[Recorded data]
——————————
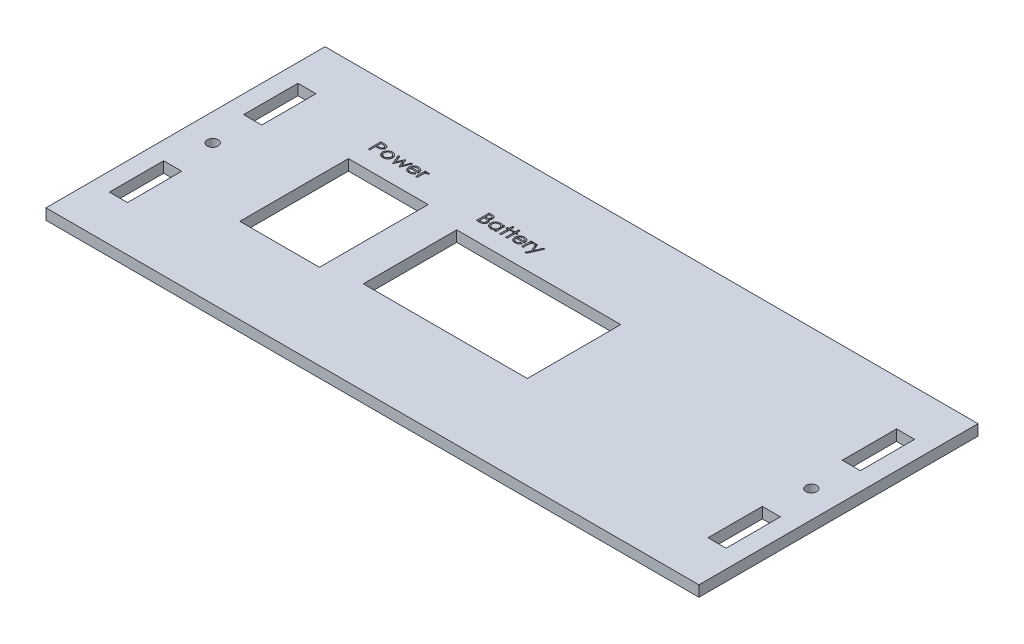
SolidWorks part; units mm, degrees
material "PMMA"
ref_plane "Front Plane" through (0, 0, 0) normal (0, 0, 1) x (1, 0, 0)
ref_plane "Top Plane" through (0, 0, 0) normal (0, 1, 0) x (1, 0, 0)
ref_plane "Right Plane" through (0, 0, 0) normal (1, 0, 0) x (0, 0, -1)
sketch "Schizzo1" plane through (0, 0, 0) normal (0, 1, 0) x (1, 0, 0)
  line L0 (-90.17, -38.535) -> (90.17, 38.535) construction
  line L1 (-90.17, 38.535) -> (90.17, 38.535)
  line L2 (-90.17, 38.535) -> (-90.17, -38.535)
  line L3 (-90.17, -38.535) -> (90.17, -38.535)
  line L4 (90.17, 38.535) -> (90.17, -38.535)
  point P4 (0, 0)
  dimension "D1" = 77.07
  dimension "D2" = 180.34
extrude "Estrusione-Estrusione1" add sketch "Schizzo1" along normal blind 3
sketch "Schizzo2" plane through (0, 0, 0) normal (0, 1, 0) x (1, 0, 0)
  line L0 (-90.17, 38.535) -> (-90.17, -38.535) construction
  line L1 (-85.17, 26.035) -> (-80.17, 26.035)
  line L2 (-85.17, 26.035) -> (-85.17, 11.035)
  line L3 (-85.17, 11.035) -> (-80.17, 11.035)
  line L4 (-80.17, 26.035) -> (-80.17, 11.035)
  line L5 (90.17, 38.535) -> (-90.17, 38.535) construction
  line L6 (-90.17, 0) -> (90.17, 0) construction
  line L7 (90.17, -38.535) -> (90.17, 38.535) construction
  line L8 (0, 38.535) -> (0, -38.535) construction
  line L9 (-90.17, -38.535) -> (90.17, -38.535) construction
  line L10 (-85.17, -26.035) -> (-85.17, -11.035)
  line L11 (-85.17, -26.035) -> (-80.17, -26.035)
  line L12 (-80.17, -26.035) -> (-80.17, -11.035)
  line L13 (-85.17, -11.035) -> (-80.17, -11.035)
  line L14 (85.17, -26.035) -> (85.17, -11.035)
  line L15 (85.17, -11.035) -> (80.17, -11.035)
  line L16 (80.17, -26.035) -> (80.17, -11.035)
  line L17 (85.17, -26.035) -> (80.17, -26.035)
  line L18 (85.17, 26.035) -> (85.17, 11.035)
  line L19 (85.17, 26.035) -> (80.17, 26.035)
  line L20 (80.17, 26.035) -> (80.17, 11.035)
  line L21 (85.17, 11.035) -> (80.17, 11.035)
  line L22 (-82.67, 11.035) -> (-82.67, -11.035) construction
  circle A0 centre (-82.67, 0) radius 1.5
  circle A1 centre (82.67, 0) radius 1.5
  dimension "D5" = 3
  dimension "D2" = 5
  dimension "D1" = 15
  dimension "D3" = 5
  dimension "D4" = 12.5
extrude "Taglio-Estrusione1" cut sketch "Schizzo2" along direction (0, 1, 0) on the side of the normal through all
sketch "Schizzo3" plane through (0, 0, 0) normal (0, 1, 0) x (1, 0, 0)
  line L0 (-90.17, 0) -> (90.17, 0) construction
  line L1 (-28.17, 12.9) -> (17.13, 12.9)
  line L2 (-28.17, 12.9) -> (-28.17, -12.9)
  line L3 (-28.17, -12.9) -> (17.13, -12.9)
  line L4 (17.13, 12.9) -> (17.13, -12.9)
  line L5 (-90.17, 38.535) -> (-90.17, -38.535) construction
  line L6 (90.17, -38.535) -> (90.17, 38.535) construction
  line L8 (-60.17, 15) -> (-38.17, 15)
  line L9 (-60.17, 15) -> (-60.17, -15)
  line L10 (-60.17, -15) -> (-38.17, -15)
  line L11 (-38.17, 15) -> (-38.17, -15)
  point P4 (-28.17, 0)
  point P15 (-38.17, 0)
  dimension "D1" = 45.3
  dimension "D2" = 25.8
  dimension "D3" = 10
  dimension "D4" = 22
  dimension "D5" = 30
  dimension "D6" = 30
extrude "Taglio-Estrusione2" cut sketch "Schizzo3" along direction (0, 1, 0) on the side of the normal through all
sketch "Schizzo4" plane through (0, 3, 0) normal (0, 1, 0) x (1, 0, 0)
  line L0 (-28.17, 12.9) -> (-28.17, -12.9) construction
  line L1 (17.13, 12.9) -> (-28.17, 12.9) construction
  text T0 "<b>Battery</b>"
  dimension "D1" = 5
extrude "Taglio-Estrusione3" cut sketch "Schizzo4" along direction (0, 1, 0) on the side against the normal blind 1
sketch "Schizzo5" plane through (0, 3, 0) normal (0, 1, 0) x (1, 0, 0)
  line L0 (-38.17, 15) -> (-60.17, 15) construction
  line L1 (-60.17, 15) -> (-60.17, 20) construction
  text T0 "<b>Power</b>"
  dimension "D1" = 5
extrude "Taglio-Estrusione4" cut sketch "Schizzo5" against normal blind 1
equation "\"Thickness5\"= 5"
equation "\"D1@Estrusione-Estrusione1\"=\"Thickness3\""
equation "\"D2@Schizzo2\"= \"Thickness5\""
equation "\"D3@Schizzo2\"=\"Thickness5\""
equation "\"Thickness3\"= 3"
——————————
WHAT IS NEEDED:
The records above should be written out in full and unchanged, except that pictures are dropped.

RESULT OF THIS EXERCISE:
SolidWorks part; units mm, degrees
material "PMMA"
ref_plane "Front Plane" through (0, 0, 0) normal (0, 0, 1) x (1, 0, 0)
ref_plane "Top Plane" through (0, 0, 0) normal (0, 1, 0) x (1, 0, 0)
ref_plane "Right Plane" through (0, 0, 0) normal (1, 0, 0) x (0, 0, -1)
sketch "Schizzo1" plane through (0, 0, 0) normal (0, 1, 0) x (1, 0, 0)
  line L0 (-90.17, -38.535) -> (90.17, 38.535) construction
  line L1 (-90.17, 38.535) -> (90.17, 38.535)
  line L2 (-90.17, 38.535) -> (-90.17, -38.535)
  line L3 (-90.17, -38.535) -> (90.17, -38.535)
  line L4 (90.17, 38.535) -> (90.17, -38.535)
  point P4 (0, 0)
  dimension "D1" = 77.07
  dimension "D2" = 180.34
extrude "Estrusione-Estrusione1" add sketch "Schizzo1" along normal blind 3
sketch "Schizzo2" plane through (0, 0, 0) normal (0, 1, 0) x (1, 0, 0)
  line L0 (-90.17, 38.535) -> (-90.17, -38.535) construction
  line L1 (-85.17, 26.035) -> (-80.17, 26.035)
  line L2 (-85.17, 26.035) -> (-85.17, 11.035)
  line L3 (-85.17, 11.035) -> (-80.17, 11.035)
  line L4 (-80.17, 26.035) -> (-80.17, 11.035)
  line L5 (90.17, 38.535) -> (-90.17, 38.535) construction
  line L6 (-90.17, 0) -> (90.17, 0) construction
  line L7 (90.17, -38.535) -> (90.17, 38.535) construction
  line L8 (0, 38.535) -> (0, -38.535) construction
  line L9 (-90.17, -38.535) -> (90.17, -38.535) construction
  line L10 (-85.17, -26.035) -> (-85.17, -11.035)
  line L11 (-85.17, -26.035) -> (-80.17, -26.035)
  line L12 (-80.17, -26.035) -> (-80.17, -11.035)
  line L13 (-85.17, -11.035) -> (-80.17, -11.035)
  line L14 (85.17, -26.035) -> (85.17, -11.035)
  line L15 (85.17, -11.035) -> (80.17, -11.035)
  line L16 (80.17, -26.035) -> (80.17, -11.035)
  line L17 (85.17, -26.035) -> (80.17, -26.035)
  line L18 (85.17, 26.035) -> (85.17, 11.035)
  line L19 (85.17, 26.035) -> (80.17, 26.035)
  line L20 (80.17, 26.035) -> (80.17, 11.035)
  line L21 (85.17, 11.035) -> (80.17, 11.035)
  line L22 (-82.67, 11.035) -> (-82.67, -11.035) construction
  circle A0 centre (-82.67, 0) radius 1.5
  circle A1 centre (82.67, 0) radius 1.5
  dimension "D5" = 3
  dimension "D2" = 5
  dimension "D1" = 15
  dimension "D3" = 5
  dimension "D4" = 12.5
extrude "Taglio-Estrusione1" cut sketch "Schizzo2" along direction (0, 1, 0) on the side of the normal through all
sketch "Schizzo3" plane through (0, 0, 0) normal (0, 1, 0) x (1, 0, 0)
  line L0 (-90.17, 0) -> (90.17, 0) construction
  line L1 (-28.17, 12.9) -> (17.13, 12.9)
  line L2 (-28.17, 12.9) -> (-28.17, -12.9)
  line L3 (-28.17, -12.9) -> (17.13, -12.9)
  line L4 (17.13, 12.9) -> (17.13, -12.9)
  line L5 (-90.17, 38.535) -> (-90.17, -38.535) construction
  line L6 (90.17, -38.535) -> (90.17, 38.535) construction
  line L8 (-60.17, 15) -> (-38.17, 15)
  line L9 (-60.17, 15) -> (-60.17, -15)
  line L10 (-60.17, -15) -> (-38.17, -15)
  line L11 (-38.17, 15) -> (-38.17, -15)
  point P4 (-28.17, 0)
  point P15 (-38.17, 0)
  dimension "D1" = 45.3
  dimension "D2" = 25.8
  dimension "D3" = 10
  dimension "D4" = 22
  dimension "D5" = 30
  dimension "D6" = 30
extrude "Taglio-Estrusione2" cut sketch "Schizzo3" along direction (0, 1, 0) on the side of the normal through all
sketch "Schizzo4" plane through (0, 3, 0) normal (0, 1, 0) x (1, 0, 0)
  line L0 (-28.17, 12.9) -> (-28.17, -12.9) construction
  line L1 (17.13, 12.9) -> (-28.17, 12.9) construction
  text T0 "<b>Battery</b>"
  dimension "D1" = 5
extrude "Taglio-Estrusione3" cut sketch "Schizzo4" along direction (0, 1, 0) on the side against the normal blind 1
sketch "Schizzo5" plane through (0, 3, 0) normal (0, 1, 0) x (1, 0, 0)
  line L0 (-38.17, 15) -> (-60.17, 15) construction
  line L1 (-60.17, 15) -> (-60.17, 20) construction
  text T0 "<b>Power</b>"
  dimension "D1" = 5
extrude "Taglio-Estrusione4" cut sketch "Schizzo5" against normal blind 1
equation "\"Thickness5\"= 5"
equation "\"D1@Estrusione-Estrusione1\"=\"Thickness3\""
equation "\"D2@Schizzo2\"= \"Thickness5\""
equation "\"D3@Schizzo2\"=\"Thickness5\""
equation "\"Thickness3\"= 3"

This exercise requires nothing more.